You can select a sound input device such as a microphone input. It's also possible to input from audio files (size limit applies).
For win user, system sound is available as input. Please note if you set the system sound as output, the sound loop occurs.
You can select audio output devices such as speakers and output.
In monitor mode, you can select audio output devices such as speaker output. This is only available in server device mode.
Please refer to this document for an overview of the idea.
It will output the converted audio to a file.
We can record and confirm the input audio to the speech conversion AI and the output audio from the speech conversion AI.
Please refer to this document for an overview of the idea.
I will start/stop recording both the audio inputted into the voice conversion AI as well as the audio outputted from the voice conversion AI.
The AI will play back any audio that is input into it.
I will play the audio inputted to the speech conversion AI.
Play the audio output from the Speech Conversion AI.
You can do more advanced operations.
It is possible to do synthesis of models.
You can set up more advanced settings.
You can check the configuration of the current server.

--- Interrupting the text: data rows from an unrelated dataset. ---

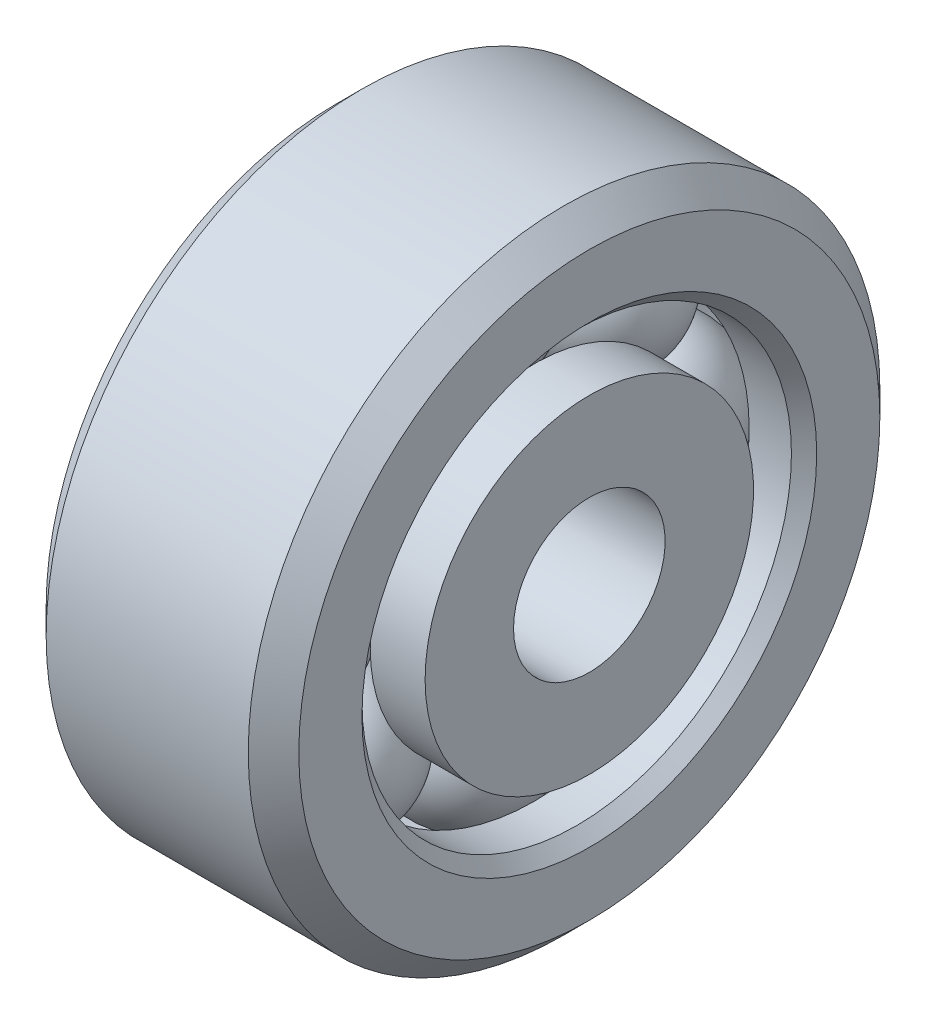
ISO-10303-21;
HEADER;
FILE_DESCRIPTION(('STEP AP214'),'2;1');
FILE_NAME('part.step','',(''),(''),'','','');
FILE_SCHEMA(('AUTOMOTIVE_DESIGN { 1 0 10303 214 1 1 1 1 }'));
ENDSEC;
DATA;
#1=APPLICATION_CONTEXT('core data for automotive mechanical design processes');
#2=APPLICATION_PROTOCOL_DEFINITION('international standard','automotive_design',2000,#1);
#3=PRODUCT_CONTEXT('',#1,'mechanical');
#4=PRODUCT('Part','Part','',(#3));
#5=PRODUCT_RELATED_PRODUCT_CATEGORY('part','',(#4));
#6=PRODUCT_DEFINITION_FORMATION('','',#4);
#7=PRODUCT_DEFINITION_CONTEXT('part definition',#1,'design');
#8=PRODUCT_DEFINITION('design','',#6,#7);
#9=PRODUCT_DEFINITION_SHAPE('','',#8);
#10=(LENGTH_UNIT() NAMED_UNIT(*) SI_UNIT(.MILLI.,.METRE.));
#11=(NAMED_UNIT(*) PLANE_ANGLE_UNIT() SI_UNIT($,.RADIAN.));
#12=(NAMED_UNIT(*) SI_UNIT($,.STERADIAN.) SOLID_ANGLE_UNIT());
#13=UNCERTAINTY_MEASURE_WITH_UNIT(LENGTH_MEASURE(1.E-05),#10,'distance_accuracy_value','');
#14=(GEOMETRIC_REPRESENTATION_CONTEXT(3) GLOBAL_UNCERTAINTY_ASSIGNED_CONTEXT((#13)) GLOBAL_UNIT_ASSIGNED_CONTEXT((#10,
#11,#12)) REPRESENTATION_CONTEXT('',''));
#15=CARTESIAN_POINT('',(0.,0.,0.));
#16=DIRECTION('',(0.,0.,1.));
#17=DIRECTION('',(1.,0.,0.));
#18=AXIS2_PLACEMENT_3D('',#15,#16,#17);
#19=CARTESIAN_POINT('',(0.,0.,0.));
#20=DIRECTION('',(-1.,0.,0.));
#21=DIRECTION('',(0.,0.,1.));
#22=AXIS2_PLACEMENT_3D('',#19,#20,#21);
#23=TOROIDAL_SURFACE('',#22,30.,12.);
#24=CARTESIAN_POINT('',(11.3137084989848,0.,0.));
#25=DIRECTION('',(-1.,0.,0.));
#26=DIRECTION('',(0.,0.,1.));
#27=AXIS2_PLACEMENT_3D('',#24,#25,#26);
#28=CIRCLE('',#27,26.);
#29=CARTESIAN_POINT('',(11.3137084989848,0.,26.));
#30=VERTEX_POINT('',#29);
#31=EDGE_CURVE('E68',#30,#30,#28,.T.);
#32=ORIENTED_EDGE('',*,*,#31,.T.);
#33=EDGE_LOOP('',(#32));
#34=FACE_BOUND('',#33,.T.);
#35=CARTESIAN_POINT('',(-11.3137084989848,0.,0.));
#36=DIRECTION('',(-1.,0.,0.));
#37=DIRECTION('',(0.,0.,1.));
#38=AXIS2_PLACEMENT_3D('',#35,#36,#37);
#39=CIRCLE('',#38,26.);
#40=CARTESIAN_POINT('',(-11.3137084989848,0.,26.));
#41=VERTEX_POINT('',#40);
#42=EDGE_CURVE('E53',#41,#41,#39,.T.);
#43=ORIENTED_EDGE('',*,*,#42,.F.);
#44=EDGE_LOOP('',(#43));
#45=FACE_BOUND('',#44,.T.);
#46=ADVANCED_FACE('F160',(#34,#45),#23,.F.);
#47=CARTESIAN_POINT('',(-240.,0.,0.));
#48=DIRECTION('',(-1.,0.,0.));
#49=DIRECTION('',(0.,0.,1.));
#50=AXIS2_PLACEMENT_3D('',#47,#48,#49);
#51=CYLINDRICAL_SURFACE('',#50,26.);
#52=CARTESIAN_POINT('',(20.,0.,0.));
#53=DIRECTION('',(-1.,0.,0.));
#54=DIRECTION('',(0.,0.,1.));
#55=AXIS2_PLACEMENT_3D('',#52,#53,#54);
#56=CIRCLE('',#55,26.);
#57=CARTESIAN_POINT('',(20.,0.,26.));
#58=VERTEX_POINT('',#57);
#59=EDGE_CURVE('E65',#58,#58,#56,.T.);
#60=ORIENTED_EDGE('',*,*,#59,.T.);
#61=EDGE_LOOP('',(#60));
#62=FACE_BOUND('',#61,.T.);
#63=ORIENTED_EDGE('',*,*,#31,.F.);
#64=EDGE_LOOP('',(#63));
#65=FACE_BOUND('',#64,.T.);
#66=ADVANCED_FACE('F219',(#62,#65),#51,.T.);
#67=CARTESIAN_POINT('',(20.,0.,26.));
#68=DIRECTION('',(1.,0.,0.));
#69=DIRECTION('',(0.,0.,-1.));
#70=AXIS2_PLACEMENT_3D('',#67,#68,#69);
#71=PLANE('',#70);
#72=CARTESIAN_POINT('',(20.,0.,0.));
#73=DIRECTION('',(-1.,0.,0.));
#74=DIRECTION('',(0.,0.,1.));
#75=AXIS2_PLACEMENT_3D('',#72,#73,#74);
#76=CIRCLE('',#75,12.);
#77=CARTESIAN_POINT('',(20.,0.,12.));
#78=VERTEX_POINT('',#77);
#79=EDGE_CURVE('E62',#78,#78,#76,.T.);
#80=ORIENTED_EDGE('',*,*,#79,.T.);
#81=EDGE_LOOP('',(#80));
#82=FACE_BOUND('',#81,.T.);
#83=ORIENTED_EDGE('',*,*,#59,.F.);
#84=EDGE_LOOP('',(#83));
#85=FACE_BOUND('',#84,.T.);
#86=ADVANCED_FACE('F224',(#82,#85),#71,.T.);
#87=CARTESIAN_POINT('',(-240.,0.,0.));
#88=DIRECTION('',(-1.,0.,0.));
#89=DIRECTION('',(0.,0.,1.));
#90=AXIS2_PLACEMENT_3D('',#87,#88,#89);
#91=CYLINDRICAL_SURFACE('',#90,12.);
#92=CARTESIAN_POINT('',(-20.,0.,0.));
#93=DIRECTION('',(-1.,0.,0.));
#94=DIRECTION('',(0.,0.,1.));
#95=AXIS2_PLACEMENT_3D('',#92,#93,#94);
#96=CIRCLE('',#95,12.);
#97=CARTESIAN_POINT('',(-20.,0.,12.));
#98=VERTEX_POINT('',#97);
#99=EDGE_CURVE('E59',#98,#98,#96,.T.);
#100=ORIENTED_EDGE('',*,*,#99,.T.);
#101=EDGE_LOOP('',(#100));
#102=FACE_BOUND('',#101,.T.);
#103=ORIENTED_EDGE('',*,*,#79,.F.);
#104=EDGE_LOOP('',(#103));
#105=FACE_BOUND('',#104,.T.);
#106=ADVANCED_FACE('F228',(#102,#105),#91,.F.);
#107=CARTESIAN_POINT('',(-20.,0.,12.));
#108=DIRECTION('',(-1.,0.,0.));
#109=DIRECTION('',(0.,0.,1.));
#110=AXIS2_PLACEMENT_3D('',#107,#108,#109);
#111=PLANE('',#110);
#112=CARTESIAN_POINT('',(-20.,0.,0.));
#113=DIRECTION('',(-1.,0.,0.));
#114=DIRECTION('',(0.,0.,1.));
#115=AXIS2_PLACEMENT_3D('',#112,#113,#114);
#116=CIRCLE('',#115,26.);
#117=CARTESIAN_POINT('',(-20.,0.,26.));
#118=VERTEX_POINT('',#117);
#119=EDGE_CURVE('E56',#118,#118,#116,.T.);
#120=ORIENTED_EDGE('',*,*,#119,.T.);
#121=EDGE_LOOP('',(#120));
#122=FACE_BOUND('',#121,.T.);
#123=ORIENTED_EDGE('',*,*,#99,.F.);
#124=EDGE_LOOP('',(#123));
#125=FACE_BOUND('',#124,.T.);
#126=ADVANCED_FACE('F232',(#122,#125),#111,.T.);
#127=CARTESIAN_POINT('',(-240.,0.,0.));
#128=DIRECTION('',(-1.,0.,0.));
#129=DIRECTION('',(0.,0.,1.));
#130=AXIS2_PLACEMENT_3D('',#127,#128,#129);
#131=CYLINDRICAL_SURFACE('',#130,26.);
#132=ORIENTED_EDGE('',*,*,#42,.T.);
#133=EDGE_LOOP('',(#132));
#134=FACE_BOUND('',#133,.T.);
#135=ORIENTED_EDGE('',*,*,#119,.F.);
#136=EDGE_LOOP('',(#135));
#137=FACE_BOUND('',#136,.T.);
#138=ADVANCED_FACE('F235',(#134,#137),#131,.T.);
#139=CLOSED_SHELL('',(#46,#66,#86,#106,#126,#138));
#140=MANIFOLD_SOLID_BREP('B2',#139);
#141=CARTESIAN_POINT('',(-20.,0.,34.));
#142=DIRECTION('',(-1.,0.,0.));
#143=DIRECTION('',(0.,0.,1.));
#144=AXIS2_PLACEMENT_3D('',#141,#142,#143);
#145=PLANE('',#144);
#146=CARTESIAN_POINT('',(-20.,0.,0.));
#147=DIRECTION('',(-1.,0.,0.));
#148=DIRECTION('',(0.,0.,1.));
#149=AXIS2_PLACEMENT_3D('',#146,#147,#148);
#150=CIRCLE('',#149,46.);
#151=CARTESIAN_POINT('',(-20.,0.,46.));
#152=VERTEX_POINT('',#151);
#153=EDGE_CURVE('E98',#152,#152,#150,.T.);
#154=ORIENTED_EDGE('',*,*,#153,.T.);
#155=EDGE_LOOP('',(#154));
#156=FACE_BOUND('',#155,.T.);
#157=CARTESIAN_POINT('',(-20.,0.,0.));
#158=DIRECTION('',(-1.,0.,0.));
#159=DIRECTION('',(0.,0.,1.));
#160=AXIS2_PLACEMENT_3D('',#157,#158,#159);
#161=CIRCLE('',#160,36.);
#162=CARTESIAN_POINT('',(-20.,0.,36.));
#163=VERTEX_POINT('',#162);
#164=EDGE_CURVE('E80',#163,#163,#161,.F.);
#165=ORIENTED_EDGE('',*,*,#164,.T.);
#166=EDGE_LOOP('',(#165));
#167=FACE_BOUND('',#166,.T.);
#168=ADVANCED_FACE('F159',(#156,#167),#145,.T.);
#169=CARTESIAN_POINT('',(-240.,0.,0.));
#170=DIRECTION('',(-1.,0.,0.));
#171=DIRECTION('',(0.,0.,1.));
#172=AXIS2_PLACEMENT_3D('',#169,#170,#171);
#173=CYLINDRICAL_SURFACE('',#172,50.);
#174=CARTESIAN_POINT('',(16.,0.,0.));
#175=DIRECTION('',(1.,0.,0.));
#176=DIRECTION('',(0.,0.,-1.));
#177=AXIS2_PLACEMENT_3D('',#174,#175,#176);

By pressing the edit button in the Model Slot Selection Area, you can edit the model slot.
You can change the image by clicking on the icon.
You can download the file by clicking on the file name.
You can upload the model.
In the upload screen, you can select the voice changer type to upload.
You can go back to the Model Slot Edit Screen by pressing the back button.
You can download a sample.
You can go back to the Model Slot Edit Screen by pressing the back button.
You can edit the details of the model slot.